2. How does the proposed method differ from previous approaches to weak-to-strong learning? Previous studies have shown that naively fine-tuning strong models on the full set of noisy data produced by weak models (full weak fine-tuning) can consistently improve their performance over the weaker counterparts. However, this approach is still far from recovering the full capabilities of strong models, especially for complex reasoning tasks. The proposed method introduces a progressive refinement learning framework that enables the strong model to autonomously refine its training data, without requiring input from either a more advanced model or human-annotated data.
3. What are the key stages of the proposed weak-to-strong learning framework? The framework consists of two main stages:
- Supervised fine-tuning on a selective small but high-quality dataset, combining weak data generated by the less capable model and data self-generated by the more advanced model through in-context learning.
- Preference optimization on contrastive samples identified by the strong model itself, enabling the model to learn effectively from the errors of the weaker model.
[02] Experimental Results
1. How does the proposed method perform compared to full weak fine-tuning on complex reasoning tasks? The experiments show that full weak fine-tuning, while effective in classification tasks, falls short for complex reasoning tasks like those in the GSM8K and MATH datasets. In contrast, the proposed method significantly outperforms full weak fine-tuning, achieving a 26.99-point improvement on GSM8K when supervised solely by the weak model (Gemma-2b) after the first stage of training, and further enhancing performance by an additional 8.49 points through preference optimization.
2. How does the proposed method perform compared to the strong model fine-tuned on gold-standard solutions? The experiments demonstrate that the proposed preference optimization phase enables the strong model to learn from errors made by the weak supervisor, ultimately surpassing the strong model fine-tuned on gold-standard solutions (the strong ceiling) in challenging scenarios, such as level 4-5 MATH problems.

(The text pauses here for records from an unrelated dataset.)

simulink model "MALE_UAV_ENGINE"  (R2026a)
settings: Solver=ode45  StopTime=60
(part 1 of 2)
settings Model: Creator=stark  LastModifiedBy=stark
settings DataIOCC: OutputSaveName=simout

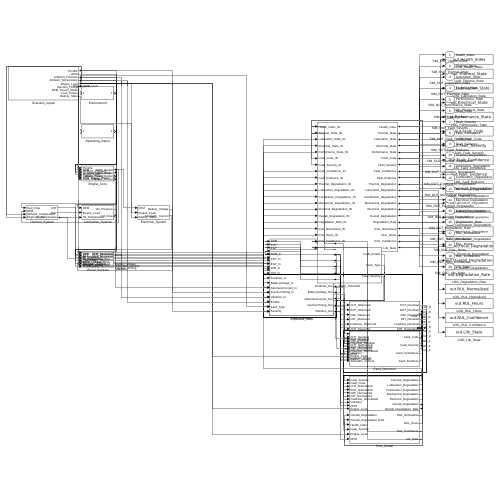
[thumbnail: Simulink's stored preview of the top-level diagram]
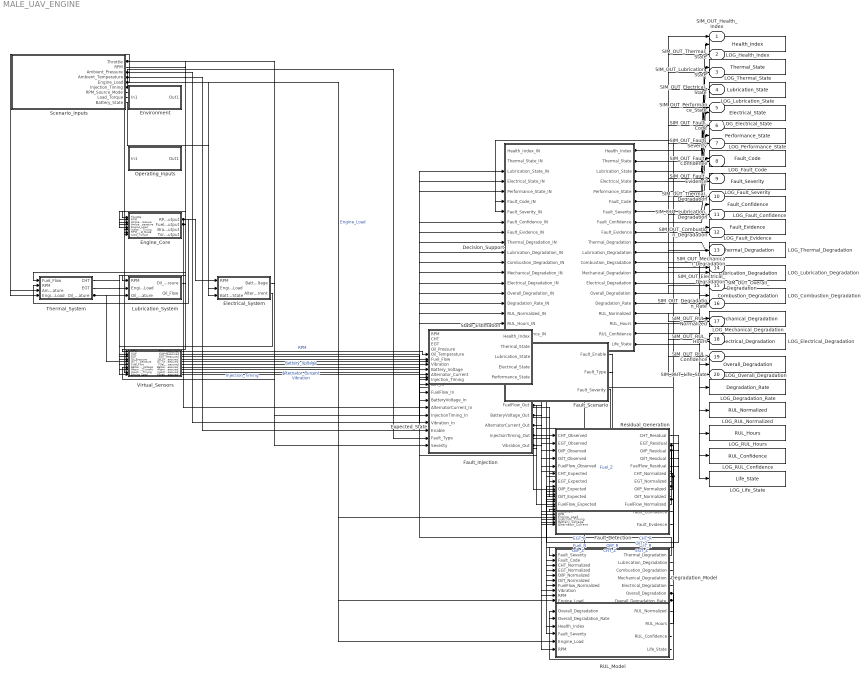
== system MALE_UAV_ENGINE ==
  Decision_Support : Subsystem
  Degradation_Model : Subsystem
  Electrical_System : Subsystem
  Engine_Core : Subsystem
  Environment : Subsystem
  Expected_State : Subsystem
  Fault_Detection : Subsystem
  Fault_Injection : Subsystem
  Fault_Scenario : Subsystem
  LOG_Combustion_Degradation : ToWorkspace  VariableName=Combustion_Degradation  SaveFormat=Timeseries  SampleTime=-1
  LOG_Degradation_Rate : ToWorkspace  VariableName=Degradation_Rate  SaveFormat=Timeseries  SampleTime=-1
  LOG_Electrical_Degradation : ToWorkspace  VariableName=Electrical_Degradation  SaveFormat=Timeseries  SampleTime=-1
  LOG_Electrical_State : ToWorkspace  VariableName=Electrical_State  SaveFormat=Timeseries  SampleTime=-1
  LOG_Fault_Code : ToWorkspace  VariableName=Fault_Code  SaveFormat=Timeseries  SampleTime=-1
  LOG_Fault_Confidence : ToWorkspace  VariableName=Fault_Confidence  SaveFormat=Timeseries  SampleTime=-1
  LOG_Fault_Evidence : ToWorkspace  VariableName=Fault_Evidence  SaveFormat=Timeseries  SampleTime=-1
  LOG_Fault_Severity : ToWorkspace  VariableName=Fault_Severity  SaveFormat=Timeseries  SampleTime=-1
  LOG_Health_Index : ToWorkspace  VariableName=Health_Index  SaveFormat=Timeseries  SampleTime=-1
  LOG_Life_State : ToWorkspace  VariableName=Life_State  SaveFormat=Timeseries  SampleTime=-1
  LOG_Lubrication_Degradation : ToWorkspace  VariableName=Lubrication_Degradation  SaveFormat=Timeseries  SampleTime=-1
  LOG_Lubrication_State : ToWorkspace  VariableName=Lubrication_State  SaveFormat=Timeseries  SampleTime=-1
  LOG_Mechanical_Degradation : ToWorkspace  VariableName=Mechanical_Degradation  SaveFormat=Timeseries  SampleTime=-1
  LOG_Overall_Degradation : ToWorkspace  VariableName=Overall_Degradation  SaveFormat=Timeseries  SampleTime=-1
  LOG_Performance_State : ToWorkspace  VariableName=Performance_State  SaveFormat=Timeseries  SampleTime=-1
  LOG_RUL_Confidence : ToWorkspace  VariableName=RUL_Confidence  SaveFormat=Timeseries  SampleTime=-1
  LOG_RUL_Hours : ToWorkspace  VariableName=RUL_Hours  SaveFormat=Timeseries  SampleTime=-1
  LOG_RUL_Normalized : ToWorkspace  VariableName=RUL_Normalized  SaveFormat=Timeseries  SampleTime=-1
  LOG_Thermal_Degradation : ToWorkspace  VariableName=Thermal_Degradation  SaveFormat=Timeseries  SampleTime=-1
  LOG_Thermal_State : ToWorkspace  VariableName=Thermal_State  SaveFormat=Timeseries  SampleTime=-1
  Lubrication_System : Subsystem
  Operating_Inputs : Subsystem
  RUL_Model : Subsystem
  Residual_Generation : Subsystem
  Scenario_Inputs : Subsystem
  State_Estimation : Subsystem
  Thermal_System : Subsystem
  Virtual_Sensors : Subsystem
  SIM_OUT_Health_Index : Outport  SignalName=Health_Index
  SIM_OUT_Thermal_State : Outport  Port=2  SignalName=Thermal_State
  SIM_OUT_Lubrication_State : Outport  Port=3  SignalName=Lubrication_State
  SIM_OUT_Electrical_State : Outport  Port=4  SignalName=Electrical_State
  SIM_OUT_Performance_State : Outport  Port=5  SignalName=Performance_State
  SIM_OUT_Fault_Code : Outport  Port=6  SignalName=Fault_Code
  SIM_OUT_Fault_Severity : Outport  Port=7  SignalName=Fault_Severity
  SIM_OUT_Fault_Confidence : Outport  Port=8  SignalName=Fault_Confidence
  SIM_OUT_Fault_Evidence : Outport  Port=9  SignalName=Fault_Evidence
  SIM_OUT_Thermal_Degradation : Outport  Port=10  SignalName=Thermal_Degradation
  SIM_OUT_Lubrication_Degradation : Outport  Port=11  SignalName=Lubrication_Degradation
  SIM_OUT_Combustion_Degradation : Outport  Port=12  SignalName=Combustion_Degradation
  SIM_OUT_Mechanical_Degradation : Outport  Port=13  SignalName=Mechanical_Degradation
  SIM_OUT_Electrical_Degradation : Outport  Port=14  SignalName=Electrical_Degradation
  SIM_OUT_Overall_Degradation : Outport  Port=15  SignalName=Overall_Degradation
  SIM_OUT_Degradation_Rate : Outport  Port=16  SignalName=Degradation_Rate
  SIM_OUT_RUL_Normalized : Outport  Port=17  SignalName=RUL_Normalized
  SIM_OUT_RUL_Hours : Outport  Port=18  SignalName=RUL_Hours
  SIM_OUT_RUL_Confidence : Outport  Port=19  SignalName=RUL_Confidence
  SIM_OUT_Life_State : Outport  Port=20  SignalName=Life_State
  wires:
  Scenario_Inputs/1(Throttle) -> Engine_Core/1(Throttle), Expected_State/6(Throttle)
  Scenario_Inputs/2(RPM) -> Engine_Core/2(RPM)
  Scenario_Inputs/3(Ambient_Pressure) -> Engine_Core/3(Ambient_Pressure), Expected_State/3(Ambient_Pressure)
  Scenario_Inputs/4(Ambient_Temperature) -> Engine_Core/4(Ambient_Temperature), Thermal_System/3(Ambient_Temperature), Expected_State/4(Ambient_Temperature)
  Scenario_Inputs/5(Engine_Load) -> Engine_Core/5(Engine_Load), Thermal_System/4(Engine_Load), Lubrication_System/2(Engine_Load), Electrical_System/2(Engine_Load), Virtual_Sensors/10(Engine_Load), Expected_State/2(Engine_Load), Fault_Detection/13(Engine_Load), Degradation_Model/10(Engine_Load), RUL_Model/5(Engine_Load)  "Engine_Load"
  Scenario_Inputs/6(Injection_Timing) -> Engine_Core/6(Injection_Timing), Virtual_Sensors/9(Injection_Timing), Expected_State/5(Injection_Timing)
  Scenario_Inputs/7(RPM_Source_Mode) -> Engine_Core/7(RPM_Source_Mode)
  Scenario_Inputs/8(Load_Torque) -> Engine_Core/8(Load_Torque)
  Engine_Core/2(Fuel_Flow_Output) -> Thermal_System/1(Fuel_Flow), Virtual_Sensors/6(Fuel_Flow)
  Engine_Core/1(RPM_Output) -> Thermal_System/2(RPM), Lubrication_System/1(RPM), Electrical_System/1(RPM), Virtual_Sensors/1(RPM), Expected_State/1(RPM)
  Thermal_System/3(Oil_Temperature) -> Lubrication_System/3(Oil_Temperature), Virtual_Sensors/5(Oil_Temperature)
  Scenario_Inputs/9(Battery_State) -> Electrical_System/3(Battery_State)
  Thermal_System/1(CHT) -> Virtual_Sensors/2(CHT)
  Thermal_System/2(EGT) -> Virtual_Sensors/3(EGT)
  Lubrication_System/1(Oil_Pressure) -> Virtual_Sensors/4(Oil_Pressure)
  Electrical_System/1(Battery_Voltage) -> Virtual_Sensors/7(Battery_Voltage)
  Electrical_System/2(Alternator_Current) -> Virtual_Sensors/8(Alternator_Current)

3. How does the proposed method perform in a forward-looking experimental setup using the OlympicArena dataset? In the experiments on the OlympicArena dataset, which is designed to simulate more realistic future scenarios, the proposed two-stage training approach outperforms full weak fine-tuning by 3.19 points. This validates the robustness and generalizability of the method in settings closer to future conditions, where Llama3-8b-instruct effectively supervises the larger Llama3-70b model.